Material to process:
● ● ● ● ● ● ●

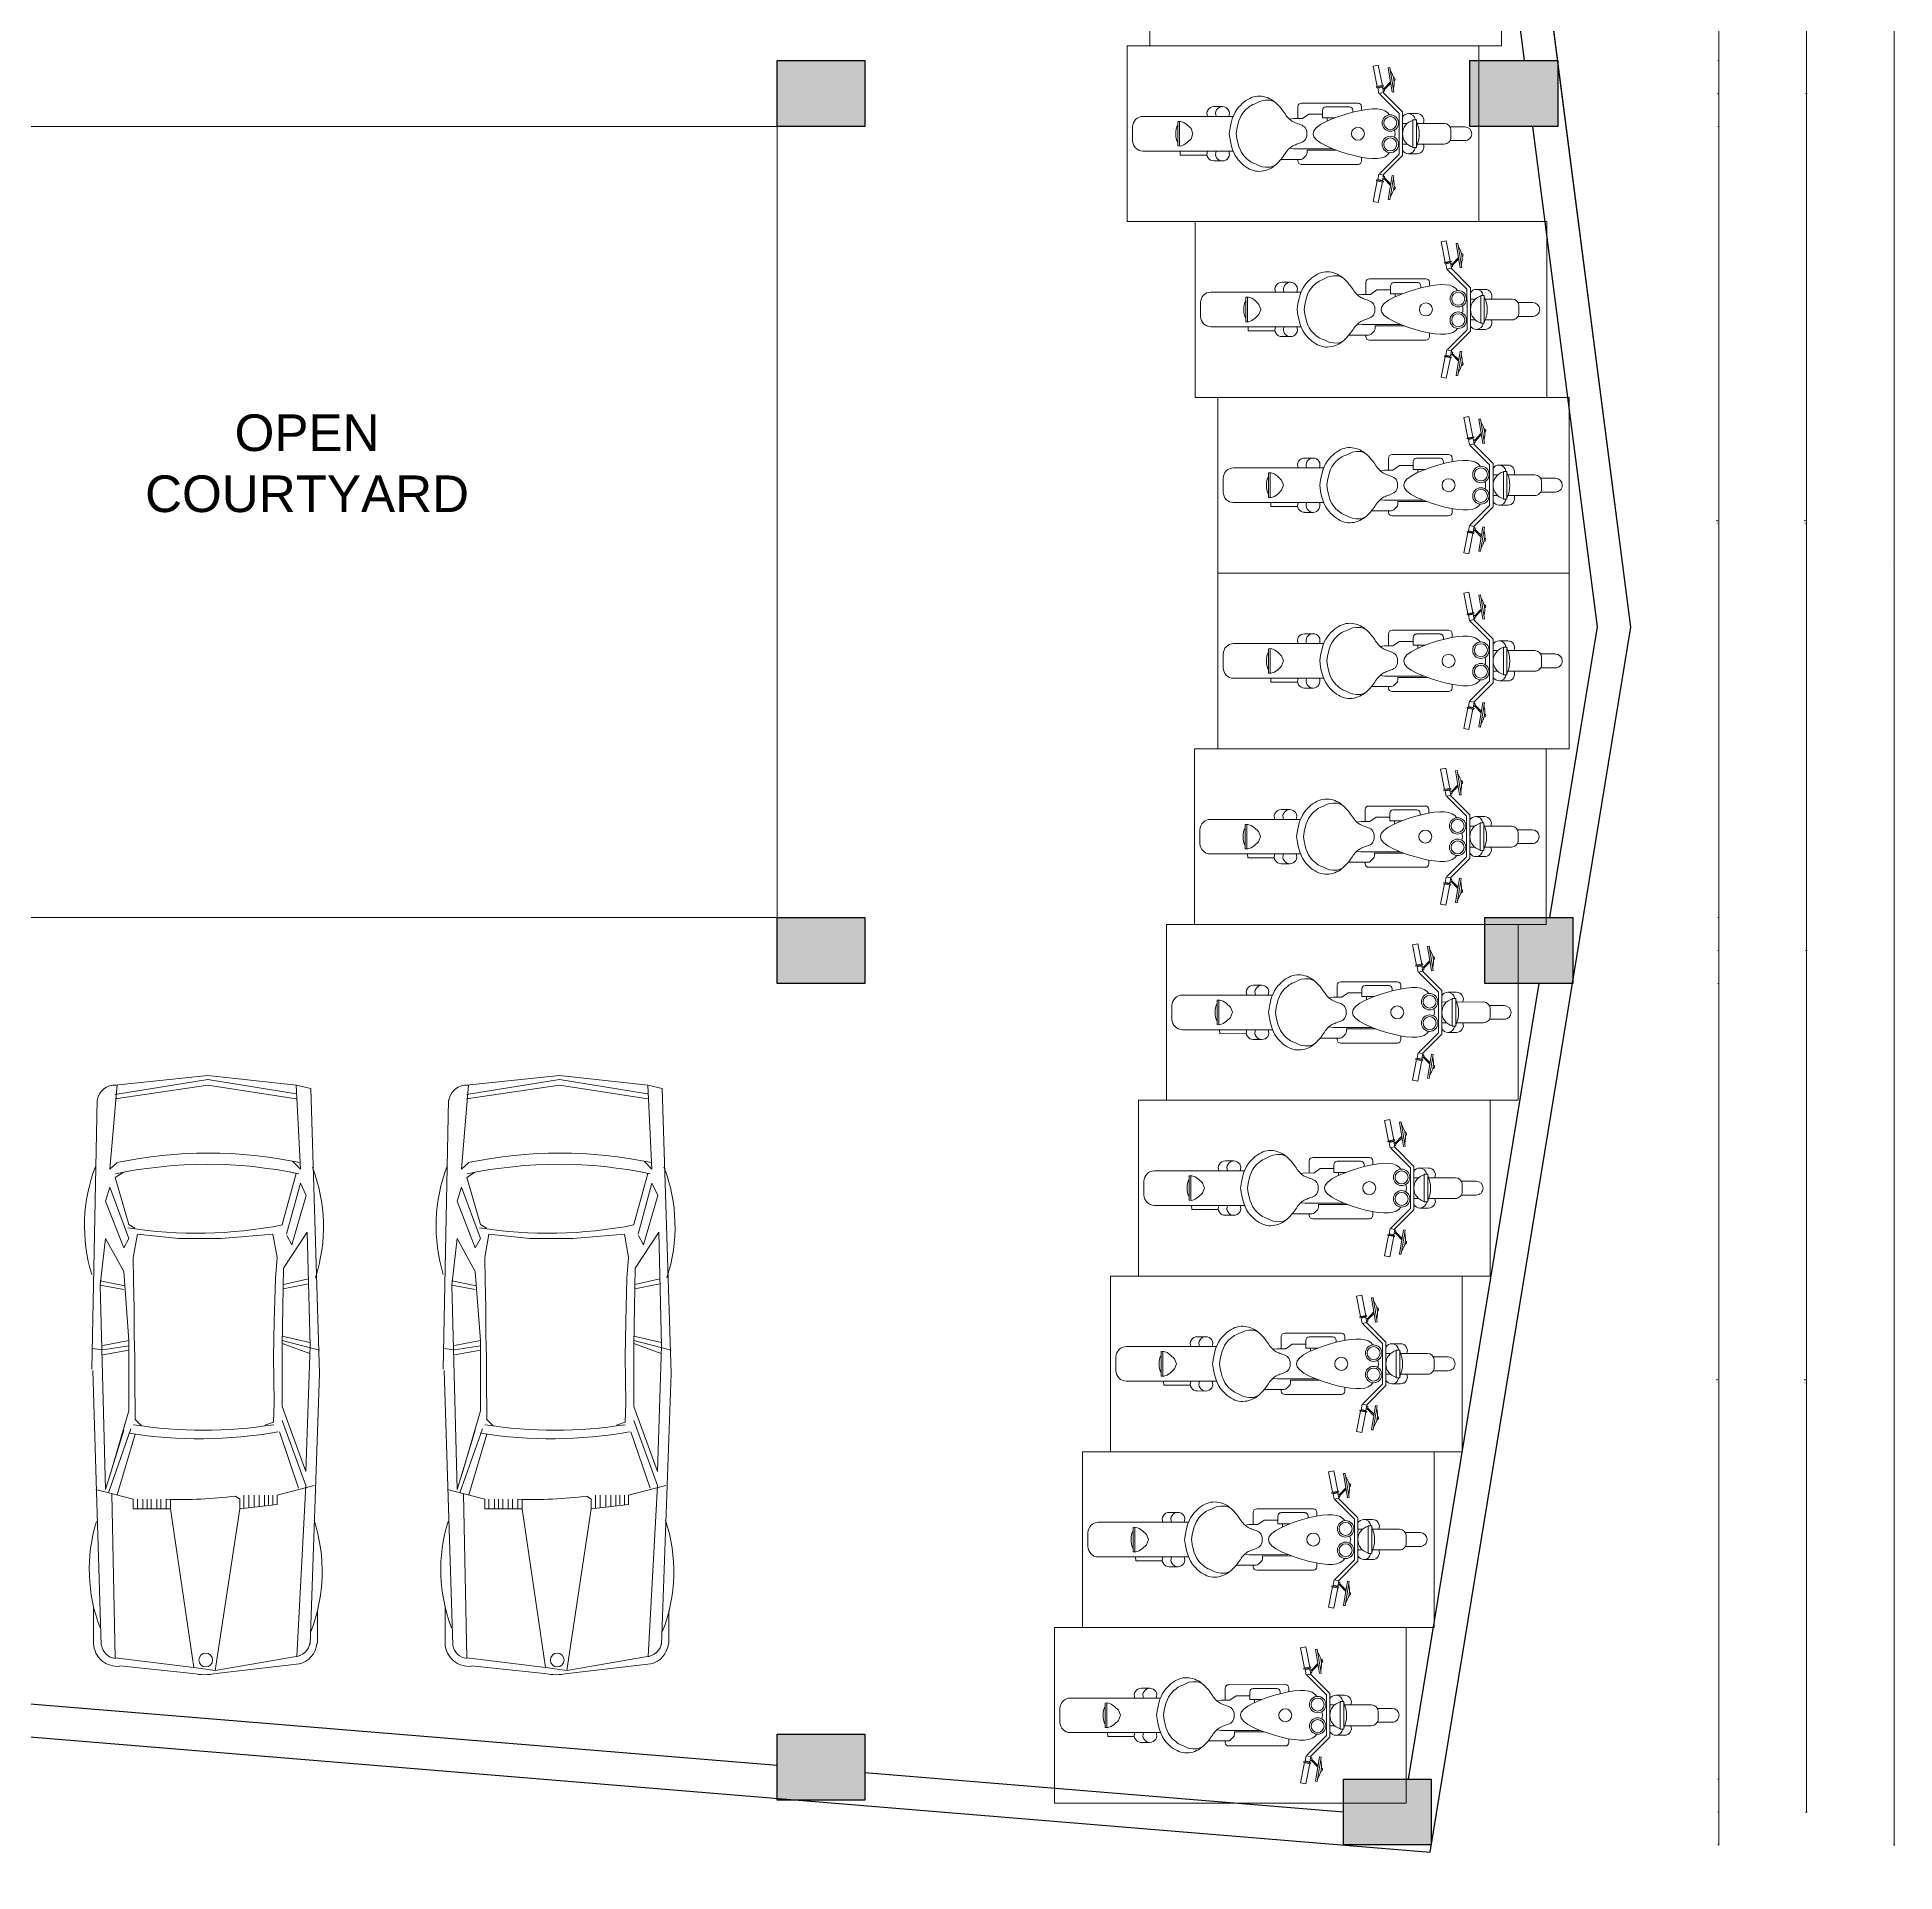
# Model space of a CAD drawing. Header units: inches. Extents: x -301229 to 1083107, y -854236 to 21026.
# Drawn here: x -14906 to 313, y -484514 to -469480 of the extents above; entities that cross this region are included whole.
import ezdxf

# ---------------------------------------------------------------- set-up
doc = ezdxf.new("R2010")
doc.units = ezdxf.units.IN
doc.header["$MEASUREMENT"] = 0
doc.linetypes.add('DASHED', pattern=[0.75, 0.5, -0.25])
for name, color, linetype, lineweight in [('DOOR PLAN', 241, 'Continuous', 25), ('Furniture', 96, 'Continuous', 13), ('Text', 2, 'Continuous', 20), ('wall', 10, 'Continuous', 30)]:
    doc.layers.add(name, color=color, linetype=linetype, lineweight=lineweight)
doc.styles.add('7 INCH', font='times.ttf', dxfattribs={"height": 7})
doc.dimstyles.new('Copy of Standard', dxfattribs={"dimtxt": 8, "dimasz": 5, "dimexe": 4, "dimexo": 0.0625, "dimgap": 1.5, "dimtad": 1, "dimdec": 1, "dimzin": 0, "dimdsep": 46, "dimlunit": 4, "dimtxsty": 'Standard', "dimblk": 'OBLIQUE', "dimcen": 0.09, "dimclrd": 1, "dimclre": 1, "dimclrt": 3, "dimadec": 0, "dimazin": 0, "dimtfac": 1, "dimtdec": 1, "dimtix": 1, "dimtofl": 0, "dimtmove": 1, "dimatfit": 3, "dimfxl": 8, "dimfxlon": 1, "dimtolj": 1, "dimtzin": 0, "dimlwd": 15, "dimlwe": 15, "dimarcsym": 0})

# ---------------------------------------------------------------- blocks, each defined once
blk = doc.blocks.new('BMW-P')
for p, q in [((0.223, 0.782), (2.303, 0.847)), ((2.313, 0.854), (4.353, 0.814)), ((2.461, 0.77), (2.47, 0.851)), ((0.234, 0.841), (0.516, 0.841)), ((1.402, 0.822), (1.329, 0.54)), ((1.862, 0.557), (1.378, 0.728)), ((2.95, 0.79), (1.402, 0.749)), ((1.853, 0.612), (1.402, 0.749)), ((1.998, 0.572), (1.507, 0.717)), ((2.422, 0.769), (2.458, 0.572)), ((2.461, 0.77), (2.49, 0.572)), ((2.494, 0.77), (2.531, 0.572)), ((2.95, 0.79), (2.918, 0.612)), ((2.982, 0.79), (2.946, 0.604)), ((3.305, 0.749), (2.95, 0.79)), ((3.305, 0.749), (3.055, 0.612)), ((3.587, 0.749), (3.232, 0.612)), ((3.692, 0.717), (3.305, 0.572)), ((3.692, 0.717), (3.587, 0.749)), ((3.829, 0.717), (4.468, 0.662)), ((3.878, 0.664), (3.829, 0.717)), ((0.009, 0.089), (0.067, 0.641)), ((0.055, 0.08), (0.128, 0.677)), ((0.128, 0.677), (1.371, 0.702)), ((1.822, 0.524), (1.362, 0.661)), ((2.531, 0.572), (1.998, 0.572)), ((3.055, 0.612), (2.531, 0.572)), ((3.305, 0.572), (3.232, 0.612)), ((3.383, 0.527), (3.41, 0.572)), ((3.765, 0.677), (3.41, 0.572)), ((3.803, 0.617), (3.765, 0.677)), ((4.361, 0.677), (4.466, -0.025)), ((4.394, 0.677), (4.507, -0.025)), ((4.466, 0.677), (4.539, -0.025)), ((1.257, 0.54), (1.257, 0.258)), ((1.329, 0.54), (1.257, 0.54)), ((1.329, 0.508), (1.257, 0.508)), ((1.329, 0.467), (1.257, 0.467)), ((1.329, 0.467), (1.257, 0.467)), ((1.329, 0.435), (1.257, 0.435)), ((1.932, 0.524), (1.884, 0.477)), ((2.258, 0.528), (1.932, 0.524)), ((2.404, 0.528), (2.258, 0.528)), ((2.574, 0.533), (2.404, 0.528)), ((2.772, 0.533), (2.574, 0.533)), ((2.989, 0.538), (2.772, 0.533)), ((3.16, 0.54), (2.989, 0.538)), ((3.337, 0.508), (3.16, 0.54)), ((3.337, 0.508), (3.305, 0.198)), ((1.329, 0.403), (1.257, 0.403)), ((1.329, 0.362), (1.257, 0.362)), ((1.329, 0.33), (1.257, 0.33)), ((1.329, 0.29), (1.257, 0.29)), ((1.329, 0.29), (1.257, 0.29)), ((0.055, 0.08), (1.257, 0.258)), ((1.329, 0.258), (1.257, 0.258)), ((1.329, 0.258), (1.328, 0.231)), ((3.305, 0.198), (3.305, 0.024)), ((0.041, -0.009), (0.055, 0.08)), ((3.305, 0.024), (3.305, -0.127)), ((0.082, -0.718), (0.009, -0.089)), ((0.031, -0.081), (0.041, -0.009)), ((1.257, -0.267), (0.031, -0.081)), ((0.136, -0.678), (0.031, -0.081)), ((3.305, -0.127), (3.337, -0.517)), ((4.466, -0.025), (4.361, -0.694)), ((4.507, -0.025), (4.399, -0.693)), ((4.539, -0.025), (4.466, -0.694)), ((1.289, -0.549), (1.257, -0.267)), ((1.329, -0.267), (1.257, -0.267)), ((1.353, -0.234), (1.329, -0.267)), ((1.361, -0.298), (1.26, -0.298)), ((1.361, -0.335), (1.264, -0.335)), ((1.361, -0.377), (1.269, -0.377)), ((1.361, -0.415), (1.273, -0.415)), ((1.361, -0.453), (1.278, -0.453)), ((1.361, -0.484), (1.289, -0.484)), ((1.361, -0.517), (1.289, -0.517)), ((1.361, -0.517), (1.289, -0.517)), ((1.361, -0.549), (1.289, -0.549)), ((1.434, -0.831), (1.361, -0.549)), ((1.913, -0.523), (1.89, -0.457)), ((2.06, -0.528), (1.913, -0.523)), ((2.413, -0.523), (2.06, -0.528)), ((2.673, -0.528), (2.413, -0.523)), ((3.003, -0.537), (2.673, -0.528)), ((3.16, -0.549), (3.003, -0.537)), ((3.337, -0.517), (3.16, -0.549)), ((1.434, -0.767), (0.137, -0.698)), ((1.84, -0.567), (1.413, -0.712)), ((1.926, -0.589), (1.434, -0.767)), ((2.031, -0.589), (1.539, -0.767)), ((2.031, -0.589), (2.49, -0.589)), ((2.508, -0.589), (2.432, -0.797)), ((2.531, -0.589), (2.458, -0.871)), ((2.49, -0.589), (3.078, -0.599)), ((2.563, -0.589), (2.517, -0.798)), ((2.923, -0.596), (2.961, -0.787)), ((2.956, -0.597), (2.998, -0.787)), ((3.352, -0.778), (3.078, -0.599)), ((3.327, -0.623), (3.256, -0.661)), ((3.629, -0.77), (3.256, -0.661)), ((3.724, -0.726), (3.337, -0.621)), ((3.797, -0.694), (3.41, -0.589)), ((3.808, -0.643), (3.797, -0.694)), ((3.89, -0.666), (3.829, -0.726)), ((4.466, -0.694), (3.829, -0.726)), ((4.466, -0.694), (4.439, -0.804)), ((2.281, -0.871), (0.232, -0.799)), ((1.539, -0.767), (2.49, -0.799)), ((4.439, -0.804), (2.281, -0.871)), ((2.49, -0.799), (3.352, -0.778)), ((3.724, -0.726), (3.629, -0.77)), ((0.235, -0.855), (0.485, -0.855))]:
    blk.add_line(p, q)
blk.add_circle((0.111, -0.009), 0.0524)
for centre, radius, start, end in [((0.797, -0.359), 1.232, 72.8697, 111.0375), ((3.399, -0.344), 1.253, 68.805, 107.0539), ((0.244, 0.66), 0.181, 93.1985, 186.1702), ((0.244, 0.66), 0.123, 99.8659, 171.9709), ((4.329, 0.677), 0.137, 356.6335, 79.992), ((5.208, 0.04), 3.421, 171.0484, 190.0393), ((6.716, 0.056), 3.372, 171.0559, 191.0409), ((0.511, -0.02), 3.355, 348.0688, 11.9312), ((0.596, -0.029), 3.355, 348.0688, 11.9312), ((5.273, 0.008), 3.421, 171.0484, 188.9516), ((4.676, 0.177), 3.349, 178.0679, 187.0565), ((0.421, 0), 0.421, 167.8285, 192.1715), ((0.257, -0.678), 0.121, 180, 266.1859), ((0.251, -0.677), 0.174, 193.3925, 264.8056), ((0.781, 0.363), 1.254, 248.8831, 288.0834), ((3.394, 0.346), 1.247, 251.9166, 291.1169)]:
    blk.add_arc(centre, radius, start, end)
blk = doc.blocks.new('harley')
for p, q in [((3.24, 45.54), (2.75, 41.3)), ((7.22, 45.08), (6.73, 40.84)), ((1.56, 39.7), (0.68, 32.05)), ((5.76, 41.22), (3.78, 41.45)), ((6.64, 31.34), (7.52, 39.01)), ((-2.37, 29.81), (-2.09, 32.28)), ((-9.3, 23.22), (-3.08, 28.15)), ((-8.98, 22.2), (-2.78, 27.11)), ((-3.08, 28.15), (3.17, 27.43)), ((-2.78, 27.11), (3.05, 26.44)), ((-0.46, 30.87), (-0.35, 31.86)), ((-0.46, 30.87), (7.48, 29.95)), ((-0.35, 31.86), (7.6, 30.95)), ((0.34, 29.12), (0.19, 27.78)), ((9.41, 26.71), (3.17, 27.43)), ((6.15, 27.09), (6.3, 28.43)), ((7.48, 29.95), (7.6, 30.95)), ((9.14, 28.47), (9.42, 30.94)), ((-17.34, 22.76), (-11.36, 23.25)), ((-17.22, 21.26), (-17.34, 22.76)), ((-17.22, 21.26), (-11.24, 21.75)), ((-9.14, 25.83), (-16.23, 25.51)), ((-9.21, 26.33), (-16.21, 26.01)), ((-10.41, 23.67), (-12.12, 25.7)), ((-11.71, 25.72), (-10.12, 23.76)), ((-11.38, 23.5), (-11.13, 23.52)), ((-11.38, 23.5), (-11.22, 21.51)), ((-11.22, 21.51), (-10.97, 21.53)), ((-11.13, 23.52), (-10.97, 21.53)), ((-11.09, 23.02), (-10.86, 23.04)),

● ● ● ● ● ● ●

Prompt:
When you reach the line with "each defined once" in the records above, start writing out lines exactly, and stop once the line with "blk = doc.blocks.new('BMW-P')" has been written; include nothing else.

Task output:
# ---------------------------------------------------------------- blocks, each defined once
blk = doc.blocks.new('BMW-P')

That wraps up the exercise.